I have reached my limit, it seems.

I have arrived at a point where I feel so emotionally exhausted, I end up going to sit in my car, pretending to run an errand, so I can have a cry.

Nothing horrible going on, I just seem to have nothing left to give.

DH is having a hard time, again, at work and has black moods again. and I have to keep the home nice for the kids, be the cheerful one, the supportive one, organising everything, I just give give give.

But nothing left now.

I can still be giving and loving to the kids, and the dog. But I have told DH I can't give him any more.

If he says "I love you" I just feel rage, and I want him to stop saying it, as he just says it when he needs ME to say that to him, IYSWIM.

I feel angry and exhausted. How can I go back to being me.

(DH is recovering alcoholic, has been unemployed, moody and things have generally been difficult the past few years. New job now, he gives it his all, then takes all his frustration and anger home.He is a difficult man. He loves us, but I just want to run away.)

CogitoErgoSometimes Tue 11-Feb-14 13:05:34

I think you may need a break from each other. I'm really not very sympathetic towards people who bring their work problems home and inflict 'black moods' on their family. It's self-indulgent, miserable behaviour. Some time apart to rethink and refresh could be what you both need.

AttilaTheMeerkat Tue 11-Feb-14 13:06:37

Would you want to consider now formally separating from your husband?.

I could not do that to the kids.

Youngest has anxiety attacks as it is. Though recently is much better.

DH has been in tears yesterday and today. But I just feel angry, I have run out of sympathy completely.

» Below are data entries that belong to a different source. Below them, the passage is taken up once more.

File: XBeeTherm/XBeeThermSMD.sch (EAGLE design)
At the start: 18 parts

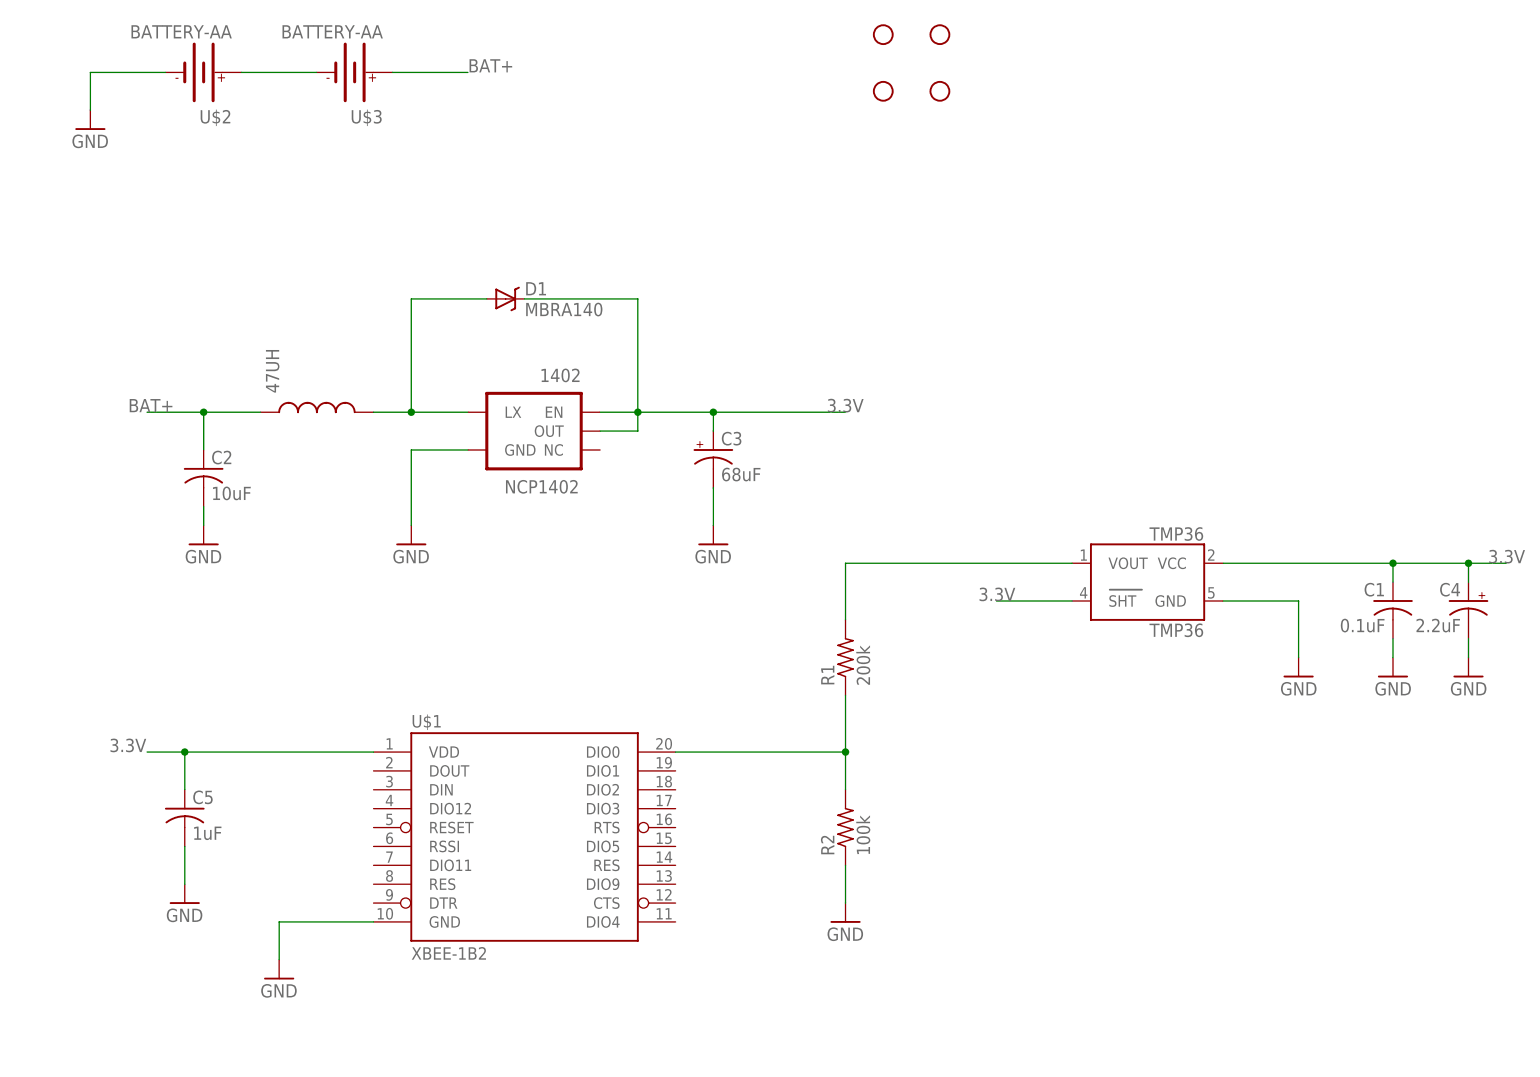
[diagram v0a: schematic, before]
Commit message: First fab of the XBee therm board
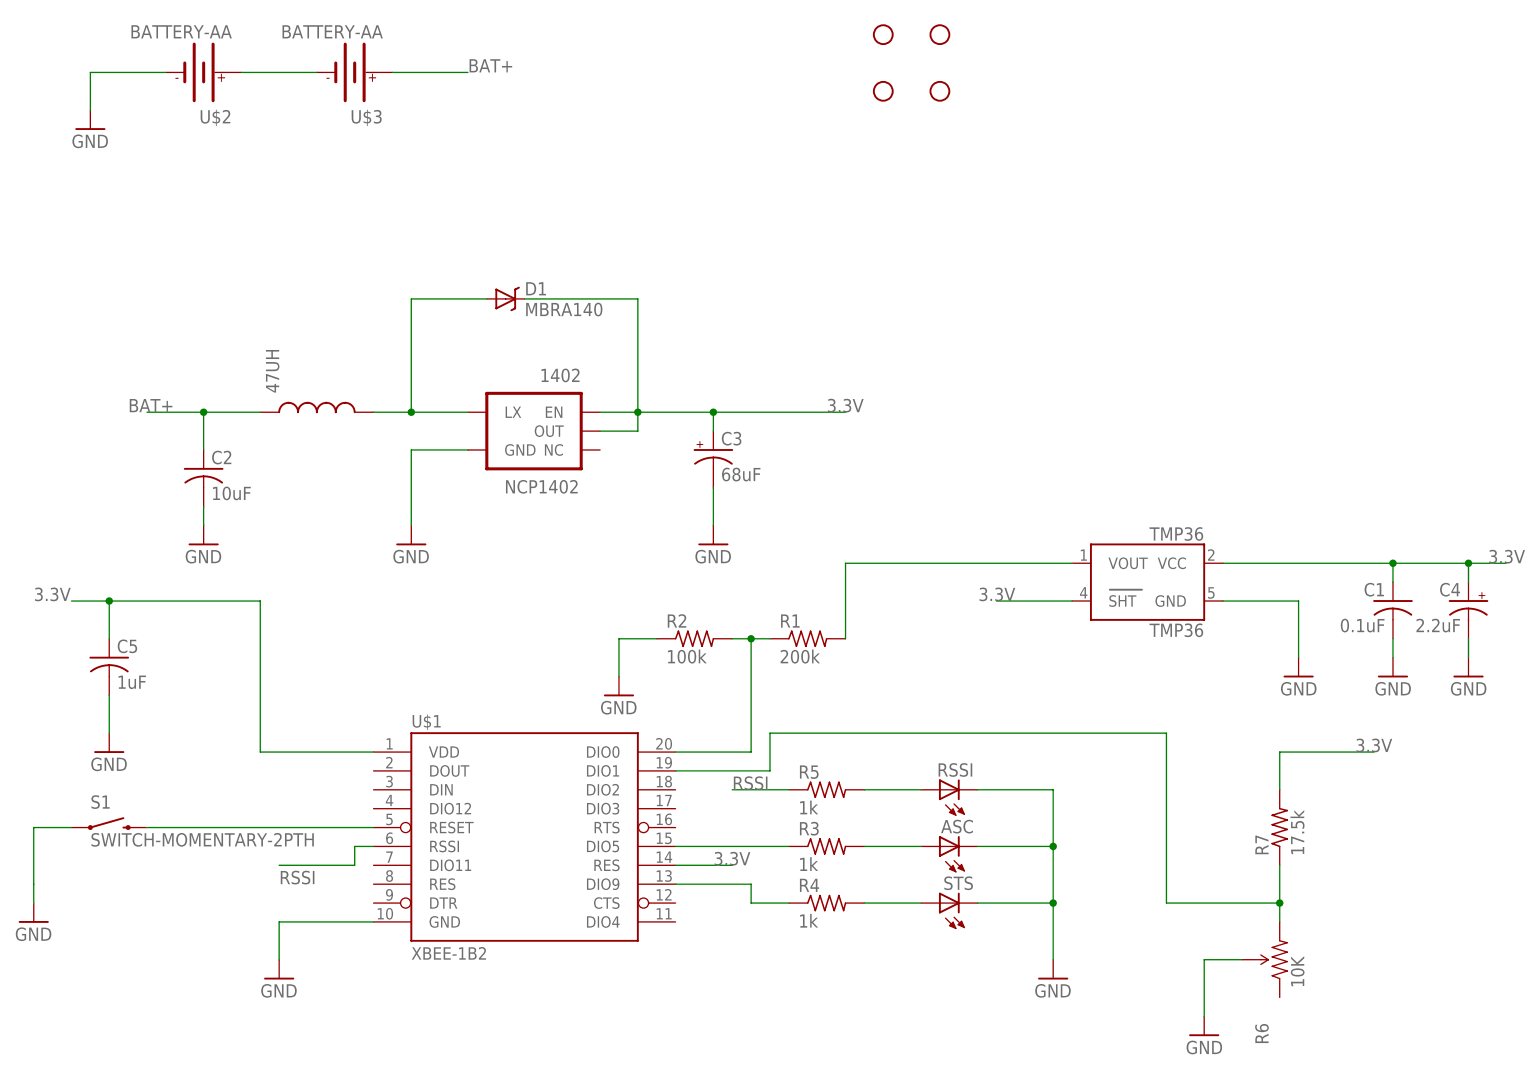
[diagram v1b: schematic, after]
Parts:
- added ASC, RSSI, STS: (no value), led:LEDCHIP-LED0603
- added R3, R4, R5: 1k, resistor:R-US_R0603
- added R6: 10K, SparkFun-Electromechanical:TRIMPOT-2
- added R7: 17.5k, resistor:R-US_R0603
- added S1: SWITCH-MOMENTARY-2PTH, SparkFun-Electromechanical:SWITCH-MOMENTARY-2PTH
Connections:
- new net N$10: S1.2, U$1.RESET
- new net N$13: R5.2, RSSI.A
- new net N$5: R3.1, U$1.DIO5
- new net N$6: R4.1, U$1.DIO9
- new net N$7: ASC.A, R3.2
- new net N$8: R4.2, STS.A
- new net N$9: R6.CW, R7.1, U$1.DIO1
- new net RSSI: R5.1, U$1.RSSI
- net 3.3V: now also R7.2, U$1.RES@14
- net GND: now also ASC.C, R6.WIPER, RSSI.C, S1.1, STS.C
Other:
- moved on the sheet: C5, R1, R2

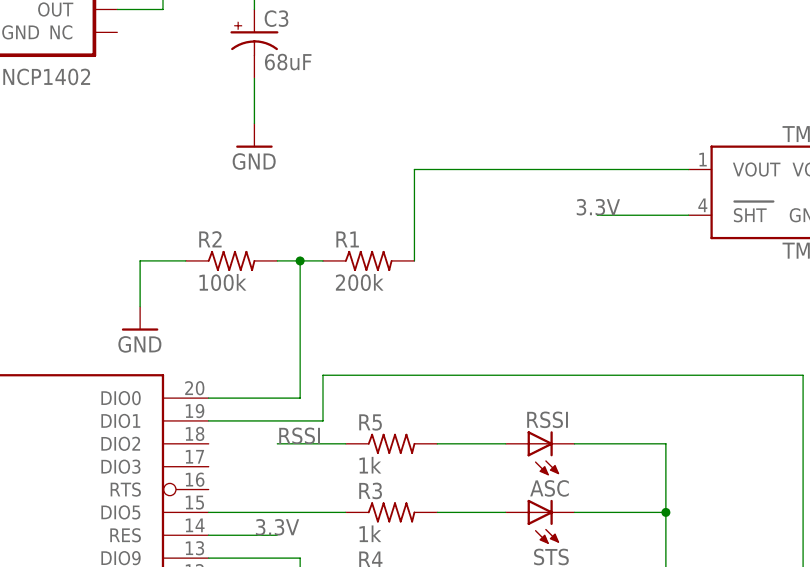
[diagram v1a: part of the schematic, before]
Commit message: Update for the 0 ohm jumper change to the board
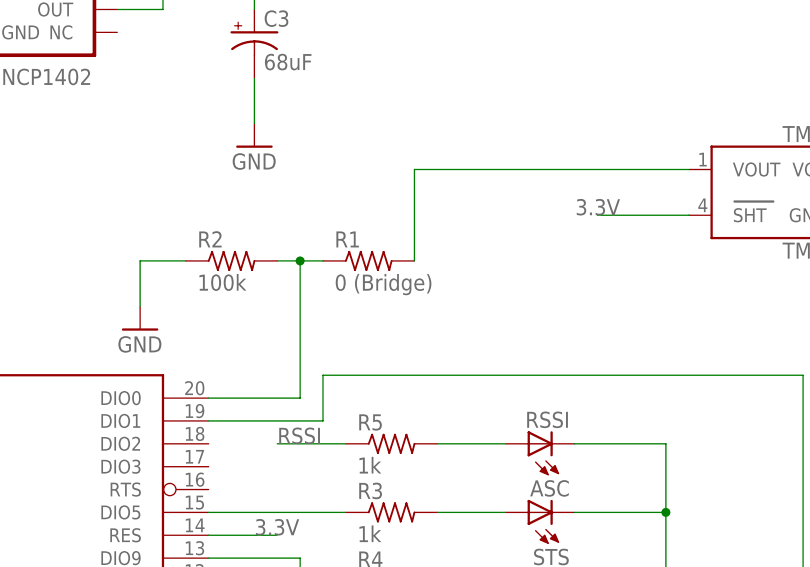
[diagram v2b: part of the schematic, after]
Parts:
- R1: value 200k -> 0 (Bridge)
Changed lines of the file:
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@@
 <part name="C4" library="resistor" deviceset="CPOL-US" device="R/2012-12R" value="2.2uF"/>
 <part name="GND8" library="SparkFun-Aesthetics" deviceset="GND" device=""/>
-<part name="R1" library="resistor" deviceset="R-US_" device="R0603" value="200k"/>
+<part name="R1" library="resistor" deviceset="R-US_" device="R0603" value="0 (Bridge)"/>
 <part name="R2" library="resistor" deviceset="R-US_" device="R0603" value="100k"/>
 <part name="GND9" library="SparkFun-Aesthetics" deviceset="GND" device=""/>
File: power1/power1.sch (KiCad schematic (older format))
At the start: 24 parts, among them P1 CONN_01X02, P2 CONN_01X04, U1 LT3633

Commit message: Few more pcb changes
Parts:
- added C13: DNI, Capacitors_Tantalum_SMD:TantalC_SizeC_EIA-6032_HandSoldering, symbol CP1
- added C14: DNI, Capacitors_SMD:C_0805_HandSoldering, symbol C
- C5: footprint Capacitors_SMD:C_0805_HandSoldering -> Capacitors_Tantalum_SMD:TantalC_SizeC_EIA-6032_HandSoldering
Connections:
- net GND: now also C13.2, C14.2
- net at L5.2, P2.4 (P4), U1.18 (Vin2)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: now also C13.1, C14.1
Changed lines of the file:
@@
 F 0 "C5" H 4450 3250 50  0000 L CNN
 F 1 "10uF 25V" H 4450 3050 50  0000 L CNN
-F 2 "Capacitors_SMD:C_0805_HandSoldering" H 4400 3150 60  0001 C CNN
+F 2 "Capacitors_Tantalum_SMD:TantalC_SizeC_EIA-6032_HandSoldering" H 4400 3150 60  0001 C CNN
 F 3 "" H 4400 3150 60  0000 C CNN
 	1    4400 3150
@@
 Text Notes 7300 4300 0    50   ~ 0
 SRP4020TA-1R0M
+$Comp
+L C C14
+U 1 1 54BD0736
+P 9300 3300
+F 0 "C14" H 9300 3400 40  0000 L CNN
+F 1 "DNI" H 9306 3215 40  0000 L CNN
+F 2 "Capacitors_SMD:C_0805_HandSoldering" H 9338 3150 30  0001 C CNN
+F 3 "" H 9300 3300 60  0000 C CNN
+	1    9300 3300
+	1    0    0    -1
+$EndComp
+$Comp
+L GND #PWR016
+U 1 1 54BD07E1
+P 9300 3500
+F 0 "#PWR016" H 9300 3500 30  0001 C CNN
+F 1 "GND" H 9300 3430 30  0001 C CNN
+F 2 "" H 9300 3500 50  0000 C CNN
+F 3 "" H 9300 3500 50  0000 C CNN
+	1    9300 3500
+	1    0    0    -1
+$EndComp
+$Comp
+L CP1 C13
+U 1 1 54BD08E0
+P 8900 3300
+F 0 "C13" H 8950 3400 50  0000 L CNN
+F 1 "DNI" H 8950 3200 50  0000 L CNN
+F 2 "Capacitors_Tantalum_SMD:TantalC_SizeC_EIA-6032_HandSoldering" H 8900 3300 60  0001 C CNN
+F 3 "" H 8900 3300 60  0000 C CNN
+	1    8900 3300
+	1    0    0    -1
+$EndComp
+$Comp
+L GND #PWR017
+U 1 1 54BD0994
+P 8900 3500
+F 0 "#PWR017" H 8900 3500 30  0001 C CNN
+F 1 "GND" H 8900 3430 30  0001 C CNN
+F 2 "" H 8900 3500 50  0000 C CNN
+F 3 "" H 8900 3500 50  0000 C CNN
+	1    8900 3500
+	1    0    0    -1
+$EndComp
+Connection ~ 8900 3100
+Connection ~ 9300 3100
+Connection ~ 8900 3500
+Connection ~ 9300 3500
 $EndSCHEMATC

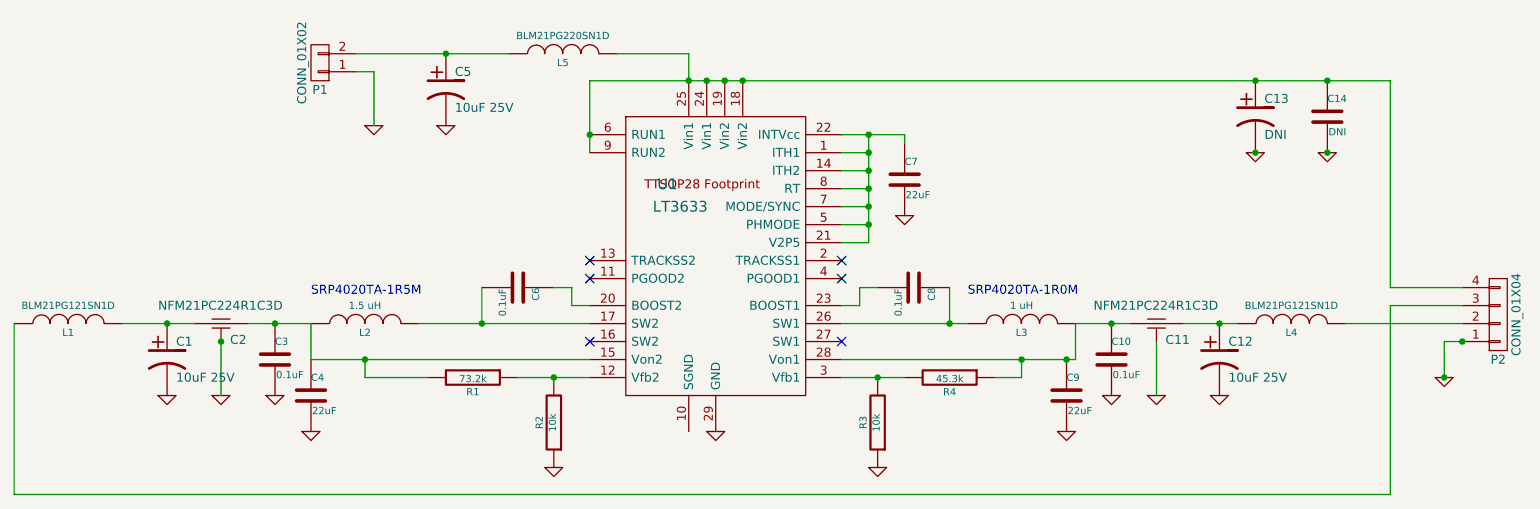
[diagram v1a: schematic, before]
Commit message: Add SGND to circuit
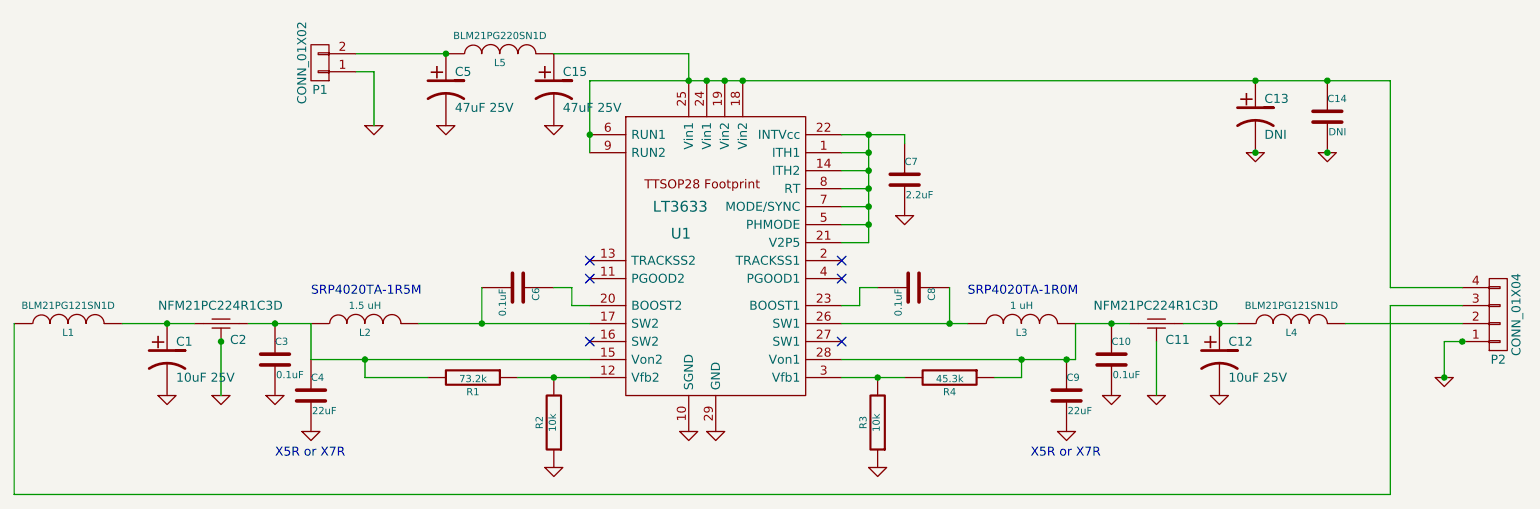
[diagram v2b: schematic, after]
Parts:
- added C15: 47uF 25V, Capacitors_Tantalum_SMD:TantalC_SizeC_EIA-6032_HandSoldering, symbol CP1
- C5: value 10uF 25V -> 47uF 25V
- C7: value 22uF -> 2.2uF
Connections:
- net GND: now also U1.10 (SGND), C15.2
- net at C13.1, C14.1, L5.2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: now also C15.1
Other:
- note added: "X5R or X7R"
- moved on the sheet: L5
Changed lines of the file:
@@
 P 4400 3150
 F 0 "C5" H 4450 3250 50  0000 L CNN
-F 1 "10uF 25V" H 4450 3050 50  0000 L CNN
+F 1 "47uF 25V" H 4450 3050 50  0000 L CNN
 F 2 "Capacitors_Tantalum_SMD:TantalC_SizeC_EIA-6032_HandSoldering" H 4400 3150 60  0001 C CNN
 F 3 "" H 4400 3150 60  0000 C CNN
@@
 U 1 1 54B984F2
 P 5900 3950
-F 0 "U1" H 5575 4225 60  0000 L CNN
+F 0 "U1" H 5650 3950 60  0000 L CNN
 F 1 "LT3633" H 5550 4100 60  0000 L CNN
 F 2 "SMD_Packages:TSSOP-28" H 5900 3550 60  0001 C CNN
@@
 P 6950 3650
 F 0 "C7" H 6950 3750 40  0000 L CNN
-F 1 "22uF" H 6956 3565 40  0000 L CNN
+F 1 "2.2uF" H 6956 3565 40  0000 L CNN
 F 2 "Capacitors_SMD:C_0805_HandSoldering" H 6988 3500 30  0001 C CNN
 F 3 "" H 6950 3650 60  0000 C CNN
@@
 L INDUCTOR L5
 U 1 1 54BA4EF4
-P 5050 2950
-F 0 "L5" V 5000 2950 40  0000 C CNN
-F 1 "BLM21PG220SN1D" V 5150 2950 40  0000 C CNN
-F 2 "SMD_Packages:SMD-0805" H 5050 2950 60  0001 C CNN
-F 3 "" H 5050 2950 60  0000 C CNN
-	1    5050 2950
+P 4700 2950
+F 0 "L5" V 4650 2950 40  0000 C CNN
+F 1 "BLM21PG220SN1D" V 4800 2950 40  0000 C CNN
+F 2 "SMD_Packages:SMD-0805" H 4700 2950 60  0001 C CNN
+F 3 "" H 4700 2950 60  0000 C CNN
+	1    4700 2950
 	0    -1   -1   0
 $EndComp
 Wire Wire Line
-	3900 2950 4750 2950
-Wire Wire Line
-	5350 2950 5750 2950
+	5000 2950 5750 2950
 $Comp
 L GND #PWR014
@@
 Connection ~ 8900 3500
 Connection ~ 9300 3500
+$Comp
+L GND #PWR018
+U 1 1 54BE512A
+P 5750 5050
+F 0 "#PWR018" H 5750 5050 30  0001 C CNN
+F 1 "GND" H 5750 4980 30  0001 C CNN
+F 2 "" H 5750 5050 50  0000 C CNN
+F 3 "" H 5750 5050 50  0000 C CNN
+	1    5750 5050
+	1    0    0    -1
+$EndComp
+$Comp
+L CP1 C15
+U 1 1 54BE5749
+P 5000 3150
+F 0 "C15" H 5050 3250 50  0000 L CNN
+F 1 "47uF 25V" H 5050 3050 50  0000 L CNN
+F 2 "Capacitors_Tantalum_SMD:TantalC_SizeC_EIA-6032_HandSoldering" H 5000 3150 60  0001 C CNN
+F 3 "" H 5000 3150 60  0000 C CNN
+	1    5000 3150
+	1    0    0    -1
+$EndComp
+$Comp
+L GND #PWR?
+U 1 1 54BE578A
+P 5000 3350
+F 0 "#PWR?" H 5000 3350 30  0001 C CNN
+F 1 "GND" H 5000 3280 30  0001 C CNN
+F 2 "" H 5000 3350 50  0000 C CNN
+F 3 "" H 5000 3350 50  0000 C CNN
+	1    5000 3350
+	1    0    0    -1
+$EndComp
+Wire Wire Line
+	3900 2950 4400 2950
+Text Notes 7650 5200 0    50   ~ 0
+X5R or X7R
+Text Notes 3450 5200 0    50   ~ 0
+X5R or X7R
 $EndSCHEMATC

isn't it ridiculous to just feel rage, whenever your husband says "I love you". I have told him to stop saying it. I feel a bit unreasonable.

NaffOrf Tue 11-Feb-14 13:14:39

You may find your DCs become less anxious when they are not living with a father who infects the household with his black moods.

Just a thought.

AttilaTheMeerkat Tue 11-Feb-14 13:19:22

You say you could not do that to the children but they are already seeing and learning from the two of you about relationships here. Is this really the model you both want to be teaching them?.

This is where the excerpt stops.